On Friday, the world lost a legend. While that statement certainly applies to Muhammad Ali, I don’t mean Ali. I mean an academic legend, Keith Murnighan: my advisor, colleague, and friend—and a man beloved by all who knew him.

Nothing I write could sufficiently honor Keith’s life or fill the hole left by his passing. But in the spirit of my postings on negotiation, and as one small way of honoring his memory, I thought I’d describe the top five things he taught me about negotiation—not through his research but from the way he lived his life. I primarily write to offer a glimpse into the incredible person that Keith was and the incredible way he comported himself. If his approach also offers a few insights into negotiation, so much the better:

  1. Trust more rather than less: In a world brimming with distrust, Keith was a countervailing force.
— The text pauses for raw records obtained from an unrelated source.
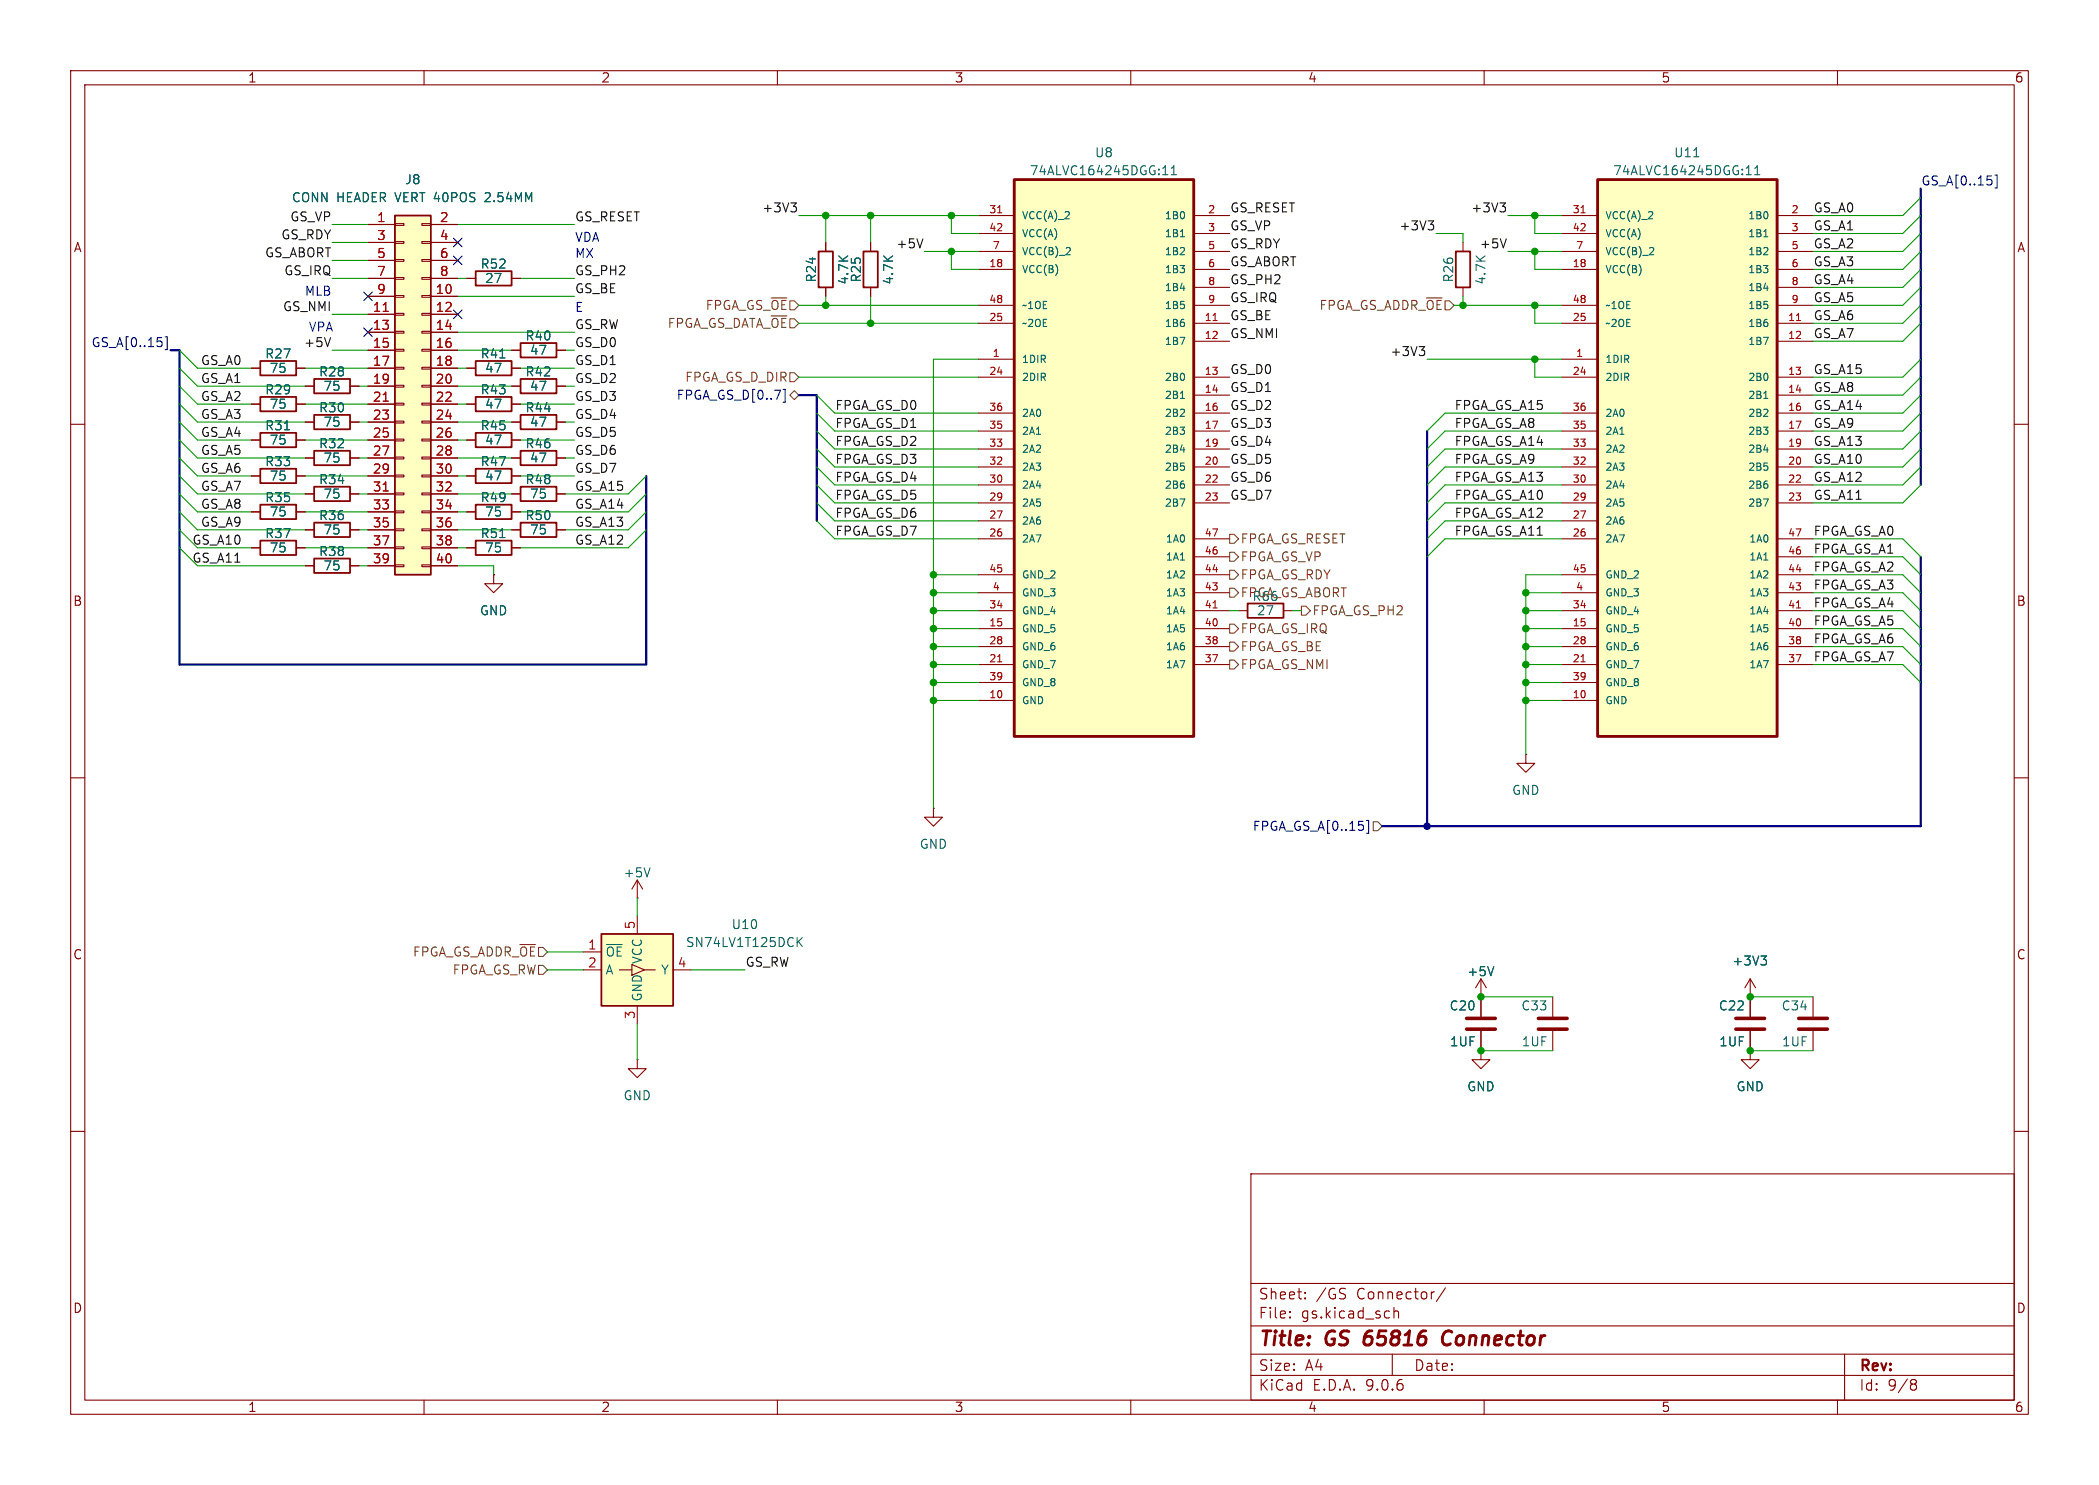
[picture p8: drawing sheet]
<svg xmlns="http://www.w3.org/2000/svg" width="297mm" height="210mm" viewBox="0 0 297 210" stroke-linecap="round" stroke-linejoin="round" font-family="sans-serif">
<g fill="none" stroke="#840000" stroke-width=".15">
<path d="M10 10h277v190h-277zM12 12h273v186h-273zM60 10v2M110 10v2M160 10v2M210 10v2M260 10v2M123.2 34.3v1.3M207 34.3v1.3M35.6 57.2h1.2M35.6 52.1h1.2M41.9 57.2h1.3"/>
<path d="M41.9 52.1h1.3M43.2 59.7h1.2M43.2 54.6h1.2M49.5 59.7h1.3M49.5 54.6h1.3M72.4 59.7h1.3M72.4 54.6h1.3M72.4 49.5h1.3M78.7 59.7h1.3M78.7 54.6h1.3M78.7 49.5h1.3M123.2 40.6v1.3"/>
<path d="M207 40.6v1.3M10 60h2M35.6 62.2h1.2M35.6 67.3h1.2M41.9 62.2h1.3M41.9 67.3h1.3M43.2 64.8h1.2M43.2 74.9h1.2M43.2 69.9h1.2M49.5 64.8h1.3M49.5 74.9h1.3M49.5 69.9h1.3"/>
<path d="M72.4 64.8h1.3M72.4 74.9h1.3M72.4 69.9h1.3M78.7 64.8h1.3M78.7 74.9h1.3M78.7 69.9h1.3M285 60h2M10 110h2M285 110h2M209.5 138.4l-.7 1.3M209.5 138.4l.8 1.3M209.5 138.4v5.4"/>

He believed that assuming the best about others was not only benevolent but wise, as it could produce a self-fulfilling prophecy. Thus, he often entrusted his students with the most important responsibilities on a research project, not because he wanted to lighten his own load but because he wanted to bring out our best. And usually he did. Keith understood the negotiation principle that people who err on the side of trust tend to create more value for everyone.
  2. Set the highest aspirations: Academia is a tough slog. Sometimes—maybe most times—nothing goes right. Experiments flop, p-values aren’t quite significant, caustic rejections pile up. In the face of such pressures, the temptation—especially as PhD students—was to view our own abilities and ideas in increasingly negative terms, settling for academic mediocrity. Anathema to Keith: he insisted that he and his students set the highest possible bar. And grasping for that bar was the only thing that prevented us from falling off of it. Keith understood the negotiation principle that people who lose sight of the stars are forced to settle for the floor.
  3. Negotiate widely: I’ve never met someone who could collaborate so effectively with so many people, including at least one Nobel laureate. He knew that the most successful people don’t bury themselves in a hole or a small social circle. They collaborate far and wide. Keith understood the negotiation principle that those who collaborate broadly create new and unimagined possibilities.
  4. Be giving: In academic circles, Keith’s open-door policy is nothing short of legendary. Even when a quick glimpse of his inbox revealed unread messages as far as the eye could see, he always had time for YOU—and by you, I mean anybody. And his generosity was lost on no one. Every day, people wanted to collaborate with him. Every year, students lined up to work with him. When he got sick, so many people asked him for updates that he had to create a blog to keep up with the questions—and he was not exactly the blogging type. Keith understood the negotiation principle that people who act generously spark a cycle of reciprocity.
  5. There’s no justification for bad behavior: When revising a paper, I once asked Keith how we should respond to a reviewer who questioned whether deception was unethical. “We just tell them it is,” he said. When asked what principle of human behavior most surprised him, he once said: “That people can justify anything.” The two responses are related: By no means a moral absolutist, Keith was unafraid of admitting that there are moral absolutes—and that we all know what they are, except when we just violated them ourselves. Keith understood the negotiation principle that nothing is worth the price of your conscience, even if it seems so at the time.

This is only the tip of the iceberg. Keith taught me so much more, about negotiation and otherwise. But hopefully it offers a flavor of the amazing person he was—and will remain in our memories.

Keith, we miss you. You made life more negotiable while you were here. And it will certainly be less negotiable now that you’re gone. But we’ll try our best to negotiate life’s challenges without you, as you surely would’ve wanted.